_What needs to be done:_ After finding the line that includes "3. body_1:2 —" in the records below, transcribe it and each line after it through the last, exactly, and add nothing.

[[ Recorded information, beginning ]]

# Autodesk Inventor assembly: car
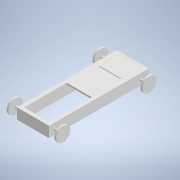
[picture p0: Inventor's stored thumbnail of the model, 180x180]
Saved by Autodesk Inventor 2021 (Build 250183000, 183)
## iProperties
Created: 2021-02-20
Part Number: car
Document SubType Name: Assembly
Designer: bagal
Author: bagal
## Documents named in this file (7)
- C:\Users\bagal\Desktop\inventor models\mousetrap car\car.iam
- C:\Users\bagal\Desktop\inventor models\mousetrap car\mousetrap.ipt
- C:\Users\bagal\Desktop\inventor models\mousetrap car\body_1.ipt
- C:\Users\bagal\Desktop\inventor models\mousetrap car\body_2.ipt
- C:\Users\bagal\Desktop\inventor models\mousetrap car\axle holder.ipt
- C:\Users\bagal\Desktop\inventor models\mousetrap car\axle.ipt
- C:\Users\bagal\Desktop\inventor models\mousetrap car\wheel.ipt
## Components (14 placed, 6 different names)
1. mousetrap:1 — Mate:1, Flush:1, Flush:2, Flush:3, Flush:4, Mate:2
2. body_1:1 — Mate:1, Flush:1, Flush:2, Flush:6, Mate:10, Mate:11, Mate:12, Mate:13
3. body_1:2 — Flush:3, Flush:4, Mate:2, Flush:5, Mate:4, Mate:5, Mate:6, Mate:7, Mate:8, Mate:9
4. body_2:1 — Flush:5, Mate:4, Mate:5, Flush:6
5. axle holder:1 — Mate:8, Mate:9, Mate:21, Mate:22
6. axle holder:2 — Mate:10, Mate:11, Mate:19
7. axle holder:3 — Mate:6, Mate:7, Mate:16, Mate:17
8. axle holder:4 — Mate:12, Mate:13
9. axle:2 — Mate:15, Flush:7, Mate:16, Mate:18
10. wheel:1 — Mate:18, Mate:19
11. wheel:2 — Mate:15, Flush:7, Mate:17
12. axle:3 — Mate:20, Flush:8, Mate:21, Mate:23
13. wheel:3 — Mate:20, Flush:8, Mate:22
14. wheel:4 — Mate:23
## Relationships (29: Mate 21, Flush 8)
- Mate:1: mousetrap:1 ↔ body_1:1
- Flush:1: mousetrap:1 ↔ body_1:1
- Flush:2: mousetrap:1 ↔ body_1:1
- Flush:3: mousetrap:1 ↔ body_1:2
- Flush:4: mousetrap:1 ↔ body_1:2
- Mate:2: mousetrap:1 ↔ body_1:2
- Flush:5: body_1:2 ↔ body_2:1
- Mate:4: body_1:2 ↔ body_2:1
- Mate:5: body_1:2 ↔ body_2:1
- Flush:6: body_1:1 ↔ body_2:1
- Mate:6: body_1:2 ↔ axle holder:3
- Mate:7: body_1:2 ↔ axle holder:3
- Mate:8: body_1:2 ↔ axle holder:1
- Mate:9: body_1:2 ↔ axle holder:1
- Mate:10: body_1:1 ↔ axle holder:2
- Mate:11: body_1:1 ↔ axle holder:2
- Mate:12: body_1:1 ↔ axle holder:4
- Mate:13: body_1:1 ↔ axle holder:4
- Mate:15: axle:2 ↔ wheel:2
- Flush:7: axle:2 ↔ wheel:2
- Mate:16: axle holder:3 ↔ axle:2
- Mate:17: axle holder:3 ↔ wheel:2
- Mate:18: axle:2 ↔ wheel:1
- Mate:19: axle holder:2 ↔ wheel:1
- Mate:20: axle:3 ↔ wheel:3
- Flush:8: axle:3 ↔ wheel:3
- Mate:21: axle holder:1 ↔ axle:3
- Mate:22: axle holder:1 ↔ wheel:3
- Mate:23: axle:3 ↔ wheel:4

[[ Recorded information, end ]]

_Reply to the exercise:_
3. body_1:2 — Flush:3, Flush:4, Mate:2, Flush:5, Mate:4, Mate:5, Mate:6, Mate:7, Mate:8, Mate:9
4. body_2:1 — Flush:5, Mate:4, Mate:5, Flush:6
5. axle holder:1 — Mate:8, Mate:9, Mate:21, Mate:22
6. axle holder:2 — Mate:10, Mate:11, Mate:19
7. axle holder:3 — Mate:6, Mate:7, Mate:16, Mate:17
8. axle holder:4 — Mate:12, Mate:13
9. axle:2 — Mate:15, Flush:7, Mate:16, Mate:18
10. wheel:1 — Mate:18, Mate:19
11. wheel:2 — Mate:15, Flush:7, Mate:17
12. axle:3 — Mate:20, Flush:8, Mate:21, Mate:23
13. wheel:3 — Mate:20, Flush:8, Mate:22
14. wheel:4 — Mate:23
## Relationships (29: Mate 21, Flush 8)
- Mate:1: mousetrap:1 ↔ body_1:1
- Flush:1: mousetrap:1 ↔ body_1:1
- Flush:2: mousetrap:1 ↔ body_1:1
- Flush:3: mousetrap:1 ↔ body_1:2
- Flush:4: mousetrap:1 ↔ body_1:2
- Mate:2: mousetrap:1 ↔ body_1:2
- Flush:5: body_1:2 ↔ body_2:1
- Mate:4: body_1:2 ↔ body_2:1
- Mate:5: body_1:2 ↔ body_2:1
- Flush:6: body_1:1 ↔ body_2:1
- Mate:6: body_1:2 ↔ axle holder:3
- Mate:7: body_1:2 ↔ axle holder:3
- Mate:8: body_1:2 ↔ axle holder:1
- Mate:9: body_1:2 ↔ axle holder:1
- Mate:10: body_1:1 ↔ axle holder:2
- Mate:11: body_1:1 ↔ axle holder:2
- Mate:12: body_1:1 ↔ axle holder:4
- Mate:13: body_1:1 ↔ axle holder:4
- Mate:15: axle:2 ↔ wheel:2
- Flush:7: axle:2 ↔ wheel:2
- Mate:16: axle holder:3 ↔ axle:2
- Mate:17: axle holder:3 ↔ wheel:2
- Mate:18: axle:2 ↔ wheel:1
- Mate:19: axle holder:2 ↔ wheel:1
- Mate:20: axle:3 ↔ wheel:3
- Flush:8: axle:3 ↔ wheel:3
- Mate:21: axle holder:1 ↔ axle:3
- Mate:22: axle holder:1 ↔ wheel:3
- Mate:23: axle:3 ↔ wheel:4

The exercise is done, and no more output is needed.